#### Task details:
Do not repeat pictures. Repeat exactly the lines of the listing below from its first line through the line with "B matrix : MATLAB".

#### Recorded data:

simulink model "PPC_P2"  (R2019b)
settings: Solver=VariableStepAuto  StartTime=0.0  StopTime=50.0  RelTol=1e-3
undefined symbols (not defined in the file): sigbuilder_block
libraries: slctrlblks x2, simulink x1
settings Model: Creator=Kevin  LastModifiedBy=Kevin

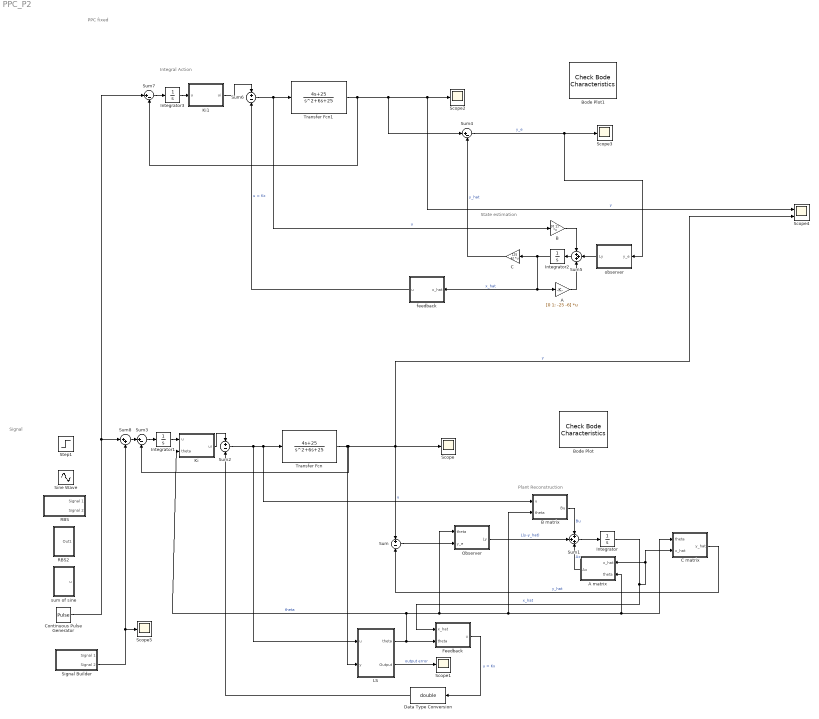
== system PPC_P2 ==
  note: PPC fixed
  note: Plant Reconstruction
  note: Signal
  note: Integral Action
  note: State estimation
  A : Gain  Gain=[0 1; -25 -6]  Multiplication=Matrix(K*u)
  A matrix : MATLAB Function  TreatAsAtomicUnit=on
  B : Gain  Gain=[0 1]'  Multiplication=Matrix(K*u)
  B matrix : MATLAB Function  TreatAsAtomicUnit=on
  Bode Plot : slctrlblks/Model Verification/Check Bode  Characteristics  InstantiateOnLoad=on  SaveOperatingPoints=off  LinearizationIOs={'/Sum2', 1, 'in', 'on', '';'/Transfer Fcn', 1, 'out', 'on', ''}  LinearizeAt=SnapshotTimes  SnapshotTimes=[0]  TriggerType=rising  SampleTime=auto  RateConversionMethod=zoh  PreWarpFreq=10  UseExactDelayModel=off  UseFullBlockNameLabels=off  UseBusSignalLabels=off  enabled=on  stopWhenAssertionFail=off  export=off  ViewDlgPos=[1921 -319 1920 967.333333333333]  OpenViewOnLoad=off  LaunchViewOnOpen=off  FrequencyUnits=rad/s  MagnitudeUnits=dB  PhaseUnits=deg  TimeUnits=seconds  EnableUpperBound=off  UpperBoundFrequencies=[]  UpperBoundMagnitudes=[]  EnableLowerBound=off  LowerBoundFrequencies=[]  LowerBoundMagnitudes=[]
      settings: SourceProductName=Simulink Control Design
  Bode Plot1 : slctrlblks/Model Verification/Check Bode  Characteristics  InstantiateOnLoad=on  SaveOperatingPoints=off  LinearizationIOs={'/Sum2', 1, 'in', 'off', '';'/Transfer Fcn', 1, 'out', 'on', ''}  LinearizeAt=SnapshotTimes  SnapshotTimes=[0]  TriggerType=rising  SampleTime=auto  RateConversionMethod=zoh  PreWarpFreq=10  UseExactDelayModel=off  UseFullBlockNameLabels=off  UseBusSignalLabels=off  enabled=on  stopWhenAssertionFail=off  export=off  ViewDlgPos=[1921 -319 1920 967.333333333333]  OpenViewOnLoad=off  LaunchViewOnOpen=off  FrequencyUnits=rad/s  MagnitudeUnits=dB  PhaseUnits=deg  TimeUnits=seconds  EnableUpperBound=off  UpperBoundFrequencies=[]  UpperBoundMagnitudes=[]  EnableLowerBound=off  LowerBoundFrequencies=[]  LowerBoundMagnitudes=[]
      settings: SourceProductName=Simulink Control Design
  C : Gain  Gain=[25 4]  Multiplication=Matrix(K*u)
  C matrix : MATLAB Function  TreatAsAtomicUnit=on
  Continuous Pulse Generator : DiscretePulseGenerator  PulseType=Time based  Period=1  PulseWidth=50
  Data Type Conversion : DataTypeConversion  OutDataTypeStr=double
  Feedback : MATLAB Function  TreatAsAtomicUnit=on
  Integrator{,1..3} (4 alike) : Integrator
  Ki : MATLAB Function  TreatAsAtomicUnit=on
  Ki1 : MATLAB Function  TreatAsAtomicUnit=on
  LS : Subsystem
  "Observer " : MATLAB Function  TreatAsAtomicUnit=on
  "RBS " : Subsystem  Tag=STV Subsys  LoadFcn=sigbuilder_block('load');  StartFcn=sigbuilder_block('start');  StopFcn=sigbuilder_block('stop');  ClipboardFcn=sigbuilder_block('clipboard');  mask(Sigbuilder block){tuvar=[0:10]}
      mask help: Simulink:masks:SigbuilderBlock_MD
      mask init:
      | if ~strcmp(get_param(bdroot(gcbh),'SimulationStatus'),'stopped') tuvar = sigbuilder_block('maskInit'); end
      settings: CopyFcn=sigbuilder_block('copy');  DeleteFcn=sigbuilder_block('delete');  ModelCloseFcn=sigbuilder_block('modelClose');  PreSaveFcn=sigbuilder_block('preSave');  PauseFcn=sigbuilder_block('pause');  ContinueFcn=sigbuilder_block('continue');  NameChangeFcn=sigbuilder_block('namechange');  OpenFcn=sigbuilder_block('open',[215 62.5 550.5 362.5 ]);  CloseFcn=sigbuilder_block('close');
      mask Display: plot(0, 0, 100, 100,[2, 2, 32, 32, 2], [68, 8, 8, 68, 68],[32, 2], [38, 38], [32, 19, 2],[53, 60, 44], [32, 17, 17, 2],[16, 16, 31, 31]);txt = getActiveGroup(gcbh);text(2, 100, txt,'verticalAlignment', 'top');
  RBS2 : Subsystem
  Scope{,1..3,5} (5 alike) : Scope
  Scope4 : Scope  NumInputPorts=2
  Signal Builder : Subsystem  Tag=STV Subsys  LoadFcn=sigbuilder_block('load',[242.5 79.5 550.5 362.5 ]);  StartFcn=sigbuilder_block('start');  StopFcn=sigbuilder_block('stop');  ClipboardFcn=sigbuilder_block('clipboard');  mask(Sigbuilder block){tuvar=[0:10]}
      mask help: Simulink:masks:SigbuilderBlock_MD
      mask init:
      | if ~strcmp(get_param(bdroot(gcbh),'SimulationStatus'),'stopped') tuvar = sigbuilder_block('maskInit'); end
      settings: CopyFcn=sigbuilder_block('copy');  DeleteFcn=sigbuilder_block('delete');  ModelCloseFcn=sigbuilder_block('modelClose');  PreSaveFcn=sigbuilder_block('preSave');  PauseFcn=sigbuilder_block('pause');  ContinueFcn=sigbuilder_block('continue');  NameChangeFcn=sigbuilder_block('namechange');  OpenFcn=sigbuilder_block('open',[216 79 550.5 362.5 ]);  CloseFcn=sigbuilder_block('close');
      mask Display: plot(0, 0, 100, 100,[2, 2, 32, 32, 2], [68, 8, 8, 68, 68],[32, 2], [38, 38], [32, 19, 2],[53, 60, 44], [32, 17, 17, 2],[16, 16, 31, 31]);txt = getActiveGroup(gcbh);text(2, 100, txt,'verticalAlignment', 'top');
  Sine Wave : Sin  Frequency=0.1  SampleTime=0
  Step1 : Step  SampleTime=0
  Sum : Sum  Inputs=+-
  Sum1 : Sum  Inputs=+++
  Sum2 : Sum  Inputs=+-
  Sum3 : Sum  Inputs=|+-
  Sum4 : Sum  Inputs=|+-
  Sum5 : Sum  Inputs=+++
  Sum6 : Sum  Inputs=+-
  Sum7 : Sum  Inputs=|+-
  Sum8 : Sum  Inputs=|++
  Transfer Fcn : TransferFcn  Numerator=[4 25]  Denominator=[1 ,6 ,25]
  Transfer Fcn1 : TransferFcn  Numerator=[4 25]  Denominator=[1 ,6 ,25]
  feedback : MATLAB Function  TreatAsAtomicUnit=on
  "observer " : MATLAB Function  TreatAsAtomicUnit=on
  sum of sine : Subsystem
  wires:
  "Observer "/1(Ly) -> Sum1/2  "L(y-y_hat)"
  LS/2(Output) -> Scope1/1  "output error"
  B matrix/1(Bu) -> Sum1/1  "Bu"
  Sum1/1 -> Integrator/1
  LS/1(theta) -> C matrix/1(theta), A matrix/2(theta), B matrix/2(theta), "Observer "/1(theta), Ki/2(theta), Feedback/2(theta)  "theta"
  A matrix/1(Ax) -> Sum1/3  "Ax"
  Integrator/1 -> C matrix/2(x_hat), A matrix/1(x_hat), Feedback/1(x_hat)  "x_hat"
  Sum2/1 -> LS/1("u "), B matrix/1(u), Transfer Fcn/1  "u"
  Sum/1 -> "Observer "/2(y_e)
  Transfer Fcn/1 -> Sum/1, Scope4/2, Scope/1, Sum3/2, LS/2(y)  "y"
  Feedback/1(u) -> Data Type Conversion/1  "u = Kx"
  C matrix/1(y_hat) -> Sum/2  "y_hat"
  Data Type Conversion/1 -> Sum2/2
  Sum3/1 -> Integrator1/1
  Integrator1/1 -> Ki/1(u)
  Ki/1(ui) -> Sum2/1
  feedback/1(u) -> Sum6/2  "u = Kx"
  Sum4/1 -> "observer "/1(y_e), Scope3/1  "y_e"
  Ki1/1(ui) -> Sum6/1
  Integrator3/1 -> Ki1/1(u)
  Transfer Fcn1/1 -> Sum4/1, Scope4/1, Scope2/1, Sum7/2  "y"
  A/1 -> Sum5/3
  Integrator2/1 -> C/1, feedback/1(x_hat), A/1  "x_hat"
  Sum5/1 -> Integrator2/1
  C/1 -> Sum4/2  "y_hat"
  "observer "/1(Ly) -> Sum5/2
  Sum7/1 -> Integrator3/1
  B/1 -> Sum5/1
  Continuous Pulse Generator/1 -> Sum8/1, Sum7/1
  Sum6/1 -> B/1, Transfer Fcn1/1  "u"
  Sum8/1 -> Sum3/1
  Signal Builder/2(Signal 2) -> Scope5/1, Sum8/2

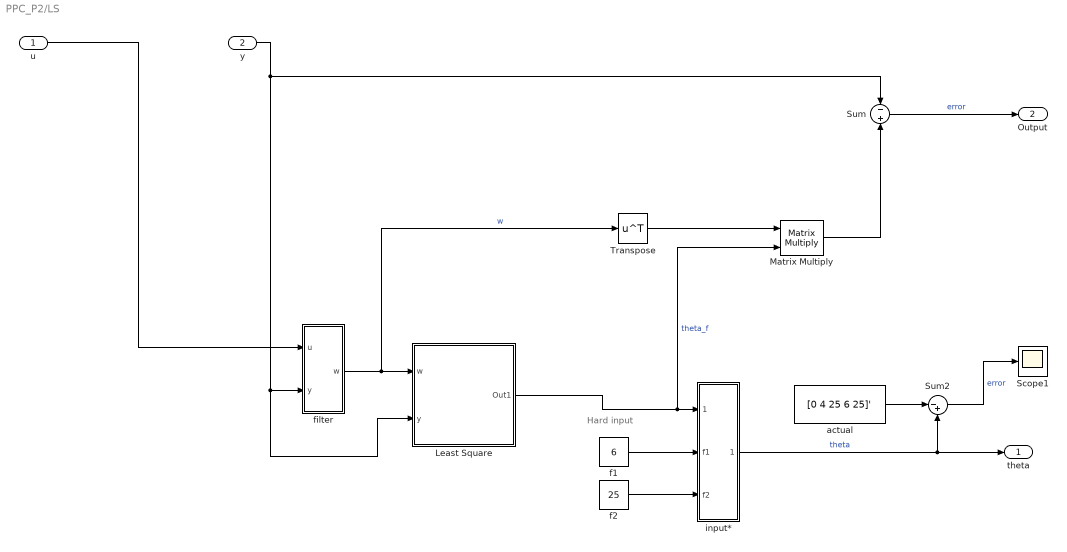
== system PPC_P2/LS ==
  note: Hard input
  "u " : Inport
  y : Inport  Port=2
  Least Square : Subsystem
  Matrix Multiply : Product  Multiplication=Matrix(*)
  Scope1 : Scope
  Sum : Sum  Inputs=-+
  Sum2 : Sum  Inputs=|-+
  Transpose : Math  Operator=transpose  SignedPower=off  SaturateOnIntegerOverflow=on
  actual : Constant  Value=[0 4 25 6 25]'
  f1 : Constant  Value=6
  f2 : Constant  Value=25
  "filter " : Subsystem
  input* : Subsystem
  theta : Outport
  Output : Outport  Port=2
  wires:
  y/1 -> Sum/1, Least Square/2(y), "filter "/2("y ")
  Sum2/1 -> Scope1/1  "error"
  f2/1 -> input*/3(f2)
  actual/1 -> Sum2/1
  "u "/1 -> "filter "/1("u ")
  f1/1 -> input*/2(f1)
  Least Square/1(Out1) -> Matrix Multiply/2, input*/1(theta_f)  "theta_f"
  input*/1(Out1) -> Sum2/2, theta/1  "theta"
  "filter "/1(w) -> Transpose/1, Least Square/1(w)  "w"
  Transpose/1 -> Matrix Multiply/1
  Matrix Multiply/1 -> Sum/2
  Sum/1 -> Output/1  "error"

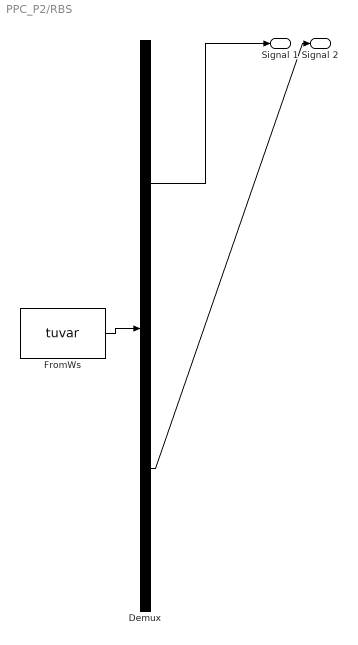
== system PPC_P2/RBS  ==
  Demux : Demux  Tag=STV Demux  Outputs=2
  FromWs : FromWorkspace  Tag=STV FromWs  VariableName=tuvar  SampleTime=0
      SigBuilderData=|
      | common.afterFinalStr = 'Extrapolate'
      | common.sampleTime = 0
      | dataSet.timeRange = [0 10]
      | dataSet.name = 'Group 1'
      | sbobj.Groups.Name = 'Group 1'
      | sbobj.Groups.Signals(1).Name = 'Signal 1'
      | sbobj.Groups.Signals(1).XData = [0 4 4 6 6 10]
      | sbobj.Groups.Signals(1).YData = [0 0 1 1 0 0]
      | sbobj.Groups.Signals(2).Name = 'Signal 2'
      | sbobj.Groups.Signals(2).XData = [0 0.2 0.2 0.3 0.3 0.5 0.5 0.7 0.7 1 1 1.1 1.1 1.3 1.3 1.4 1.4 1.5 1.5 1.7 1.7 2.1 2.1 2.2 2.2 2.7 2.7 2.8 2.8 2.9 2.9 3 3 3.1 3.1 3.5 3.5 3.7 3.7 3.8 3.8 3.9 3.9 4.2 4.2 4.4 4.4 4.7 4.7 5 5 5.1 5.1 5.3 5.3 5.6 5.6 5.7 5.7 5.8 5.8 5.9 5.9 6 6 6.1 6.1 6.2 6.2 6.7 6.7 7 7 7.1 7.1 7.2 7.2 7.3 7.3 7.4 7.4 7.5 7.5 7.8 7.8 7.9 7.9 8.1 8.1 8.5 8.5 8.6 8.6 8.8 8.8 8.9 8.9 9 9 9.2 9.2 9.5 9.5 9.6 9.6 9.7 9.7 10]
      | sbobj.Groups.Signals(2).YData = [1 1 0 0 1 1 0 0 1 1 0 0 1 1 0 0 1 1 0 0 1 1 0 0 1 1 0 0 1 1 0 0 1 1 0 0 1 1 0 0 1 1 0 0 1 1 0 0 1 1 0 0 1 1 0 0 1 1 0 0 1 1 0 0 1 1 0 0 1 1 0 0 1 1 0 0 1 1 0 0 1 1 0 0 1 1 0 0 1 1 0 0 1 1 0 0 1 1 0 0 1 1 0 0 1 1 0 0]
  Signal 1 : Outport  Tag=STV Outport
  Signal 2 : Outport  Tag=STV Outport  Port=2
  wires:
  Demux/1 -> Signal 1/1
  FromWs/1 -> Demux/1
  Demux/2 -> Signal 2/1

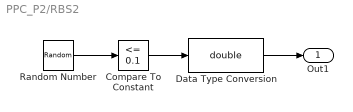
== system PPC_P2/RBS2 ==
  Compare To Constant : simulink/Logic and Bit Operations/Compare To Constant  relop=<=  const=0.1  OutDataTypeStr=boolean
  Data Type Conversion : DataTypeConversion  OutDataTypeStr=double
  Random Number : RandomNumber  Mean=1  SampleTime=10
  Out1 : Outport
  wires:
  Random Number/1 -> Compare To Constant/1
  Compare To Constant/1 -> Data Type Conversion/1
  Data Type Conversion/1 -> Out1/1

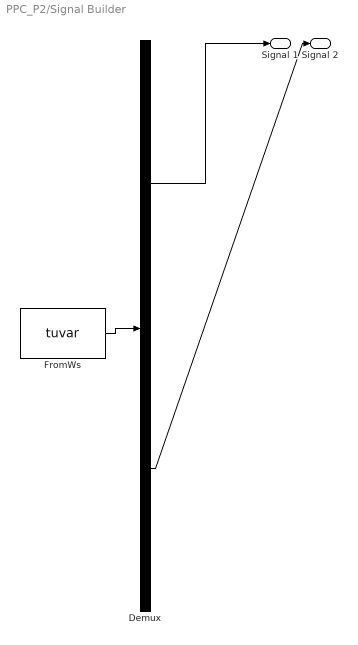
== system PPC_P2/Signal Builder ==
  Demux : Demux  Tag=STV Demux  Outputs=2
  FromWs : FromWorkspace  Tag=STV FromWs  VariableName=tuvar  SampleTime=0
      SigBuilderData=|
      | common.afterFinalStr = 'Extrapolate'
      | common.sampleTime = 0
      | dataSet.timeRange = [0 10]
      | dataSet.name = 'Group 1'
      | sbobj.Groups.Name = 'Group 1'
      | sbobj.Groups.Signals(1).Name = 'Signal 1'
      | sbobj.Groups.Signals(1).XData = [0 4 4 6 6 10]
      | sbobj.Groups.Signals(1).YData = [0 0 1 1 0 0]
      | sbobj.Groups.Signals(2).Name = 'Signal 2'
      | sbobj.Groups.Signals(2).XData = [0 0.25 0.5 0.75 1 1.25 1.5 1.75 2 2.25 2.5 2.75 3 3.25 3.5 3.75 4 4.25 4.5 4.75 5 5.25 5.5 5.75 6 6.25 6.5 6.75 7 7.25 7.5 7.75 8 8.25 8.5 8.75 9 9.25 9.5 9.75 10]
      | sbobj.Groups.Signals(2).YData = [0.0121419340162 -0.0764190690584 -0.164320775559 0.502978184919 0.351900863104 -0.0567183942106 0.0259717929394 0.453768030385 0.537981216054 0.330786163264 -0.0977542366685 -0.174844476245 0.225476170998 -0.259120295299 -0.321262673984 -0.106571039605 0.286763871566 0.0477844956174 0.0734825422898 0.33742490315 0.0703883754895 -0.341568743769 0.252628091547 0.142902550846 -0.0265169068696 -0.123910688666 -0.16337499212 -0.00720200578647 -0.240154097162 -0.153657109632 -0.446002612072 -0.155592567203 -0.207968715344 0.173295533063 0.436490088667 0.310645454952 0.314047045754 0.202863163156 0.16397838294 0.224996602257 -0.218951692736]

#### Written answer:
simulink model "PPC_P2"  (R2019b)
settings: Solver=VariableStepAuto  StartTime=0.0  StopTime=50.0  RelTol=1e-3
undefined symbols (not defined in the file): sigbuilder_block
libraries: slctrlblks x2, simulink x1
settings Model: Creator=Kevin  LastModifiedBy=Kevin

== system PPC_P2 ==
  note: PPC fixed
  note: Plant Reconstruction
  note: Signal
  note: Integral Action
  note: State estimation
  A : Gain  Gain=[0 1; -25 -6]  Multiplication=Matrix(K*u)
  A matrix : MATLAB Function  TreatAsAtomicUnit=on
  B : Gain  Gain=[0 1]'  Multiplication=Matrix(K*u)
  B matrix : MATLAB Function  TreatAsAtomicUnit=on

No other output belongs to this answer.